AI and the unconscious

Advertising aims to inspire people to adopt products, services, or ideas by influencing their decision-making process. But humans often make decisions based on cognitive biases and mental shortcuts. Sarah Nunneley, Senior Strategist at AML, explores examples of these biases and considers how AI could better leverage them.

Mere exposure effect

Familiarity breeds enthusiasm. The better your audience knows your brand, the greater its appeal. This is why both exposure frequency and retargeting strategies are so important. Targeting consumers who have already seen your content or visited your website delivers greatly improves conversion rates.

AI can help optimise retargeting efforts by creating further targeted and customised experiences. An individual consumer’s user journey can be analysed to identify what stage they are at and predict where and how it will be most successful to target them. What creative will work the best? How many times do they need to see it? AI makes customising experiences much more accessible.

 

The ‘Generation’ effect

Information is better remembered and valued if you’ve generated it yourself, rather than just having it told to you. Advertising that requires interaction from the consumer, perhaps requiring them to conclude something themselves, even solve a puzzle, invites engagement and increases the chances of the consumer holding positive perceptions of that product or brand. It’s similar to the ‘IKEA effect’, where consumers disproportionately value something they’ve ‘assembled’ or had a part in creating.

AI can be used to enhance the interactive experiences in advertising – whether that’s through personalised messaging based on analysis of individual consumer data or messaging that adjusts in real-time, dependent on consumer interaction. It can manifest in sophisticated, game-like features that respond to decisions the consumer makes, or simply through improved targeting.

‘Anchoring’ bias

Here, consumers put disproportionate emphasis on the first piece of information they receive about something. The earliest piece of information becomes the anchor point ‘control’ that all new information is compared against. A good example of its use in advertising is when dramatising price cuts; establishing a high initial price sets the anchor for the price of the item, so the cut price appears more appealing. Anchor bias can be applied to a broad range of decision-making and perception guidance.

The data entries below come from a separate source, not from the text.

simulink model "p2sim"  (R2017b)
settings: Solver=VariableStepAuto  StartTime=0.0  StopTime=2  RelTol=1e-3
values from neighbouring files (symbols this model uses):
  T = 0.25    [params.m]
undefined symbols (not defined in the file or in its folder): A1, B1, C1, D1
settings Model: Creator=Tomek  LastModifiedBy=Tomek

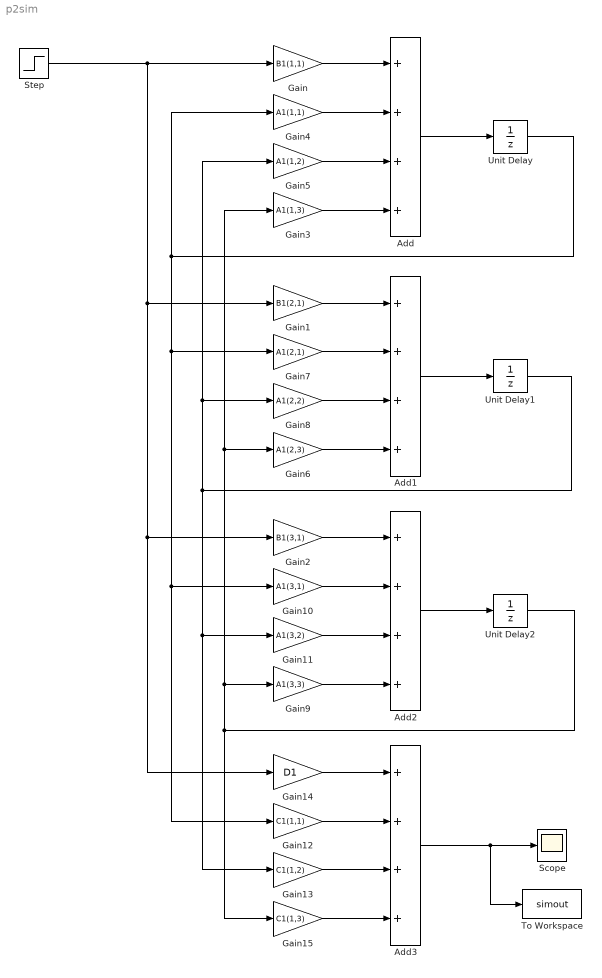
== system p2sim ==
  Add{,1..3} (4 alike) : Sum  Inputs=++++
  Gain : Gain  Gain=B1(1,1)
  Gain1 : Gain  Gain=B1(2,1)
  Gain10 : Gain  Gain=A1(3,1)
  Gain11 : Gain  Gain=A1(3,2)
  Gain12 : Gain  Gain=C1(1,1)
  Gain13 : Gain  Gain=C1(1,2)
  Gain14 : Gain  Gain=D1
  Gain15 : Gain  Gain=C1(1,3)
  Gain2 : Gain  Gain=B1(3,1)
  Gain3 : Gain  Gain=A1(1,3)
  Gain4 : Gain  Gain=A1(1,1)
  Gain5 : Gain  Gain=A1(1,2)
  Gain6 : Gain  Gain=A1(2,3)
  Gain7 : Gain  Gain=A1(2,1)
  Gain8 : Gain  Gain=A1(2,2)
  Gain9 : Gain  Gain=A1(3,3)
  Scope : Scope
  Step : Step  Before=-1  After=1100  SampleTime=0
  To Workspace : ToWorkspace  VariableName=simout  SaveFormat=Timeseries  SampleTime=-1
  Unit Delay : UnitDelay  SampleTime=T
  Unit Delay1 : UnitDelay  SampleTime=T
  Unit Delay2 : UnitDelay  SampleTime=T
  wires:
  Gain/1 -> Add/1
  Add/1 -> Unit Delay/1
  Gain4/1 -> Add/2
  Gain5/1 -> Add/3
  Gain3/1 -> Add/4
  Unit Delay/1 -> Gain10/1, Gain12/1, Gain7/1, Gain4/1
  Gain6/1 -> Add1/4
  Gain7/1 -> Add1/2
  Gain8/1 -> Add1/3
  Gain9/1 -> Add2/4
  Gain10/1 -> Add2/2
  Gain11/1 -> Add2/3
  Gain2/1 -> Add2/1
  Gain1/1 -> Add1/1
  Gain15/1 -> Add3/4
  Gain13/1 -> Add3/3
  Gain12/1 -> Add3/2
  Gain14/1 -> Add3/1
  Step/1 -> Gain14/1, Gain2/1, Gain1/1, Gain/1
  Add3/1 -> To Workspace/1, Scope/1
  Add1/1 -> Unit Delay1/1
  Add2/1 -> Unit Delay2/1
  Unit Delay2/1 -> Gain15/1, Gain3/1, Gain6/1, Gain9/1
  Unit Delay1/1 -> Gain13/1, Gain11/1, Gain5/1, Gain8/1

AI can identify the ideal anchor point for different audiences, or even the best way to target specific consumers, to set up messaging for success. As well as price cuts, other examples include competitor comparisons: “competitors charge ££££ but we only charge ££” or, “while regular providers offer this [limited, less appealing solution], we offer this [superior solution that addresses your needs]”.

Being aware of these consistent patterns of deviation allows marketers to leverage them to help consumers make the right decisions. The same is true for creating more engaging advertising – strategy that utilises the understanding of these biases leads to creative that complements them. With the advancing integration of AI and machine learning, more and more possibilities will emerge.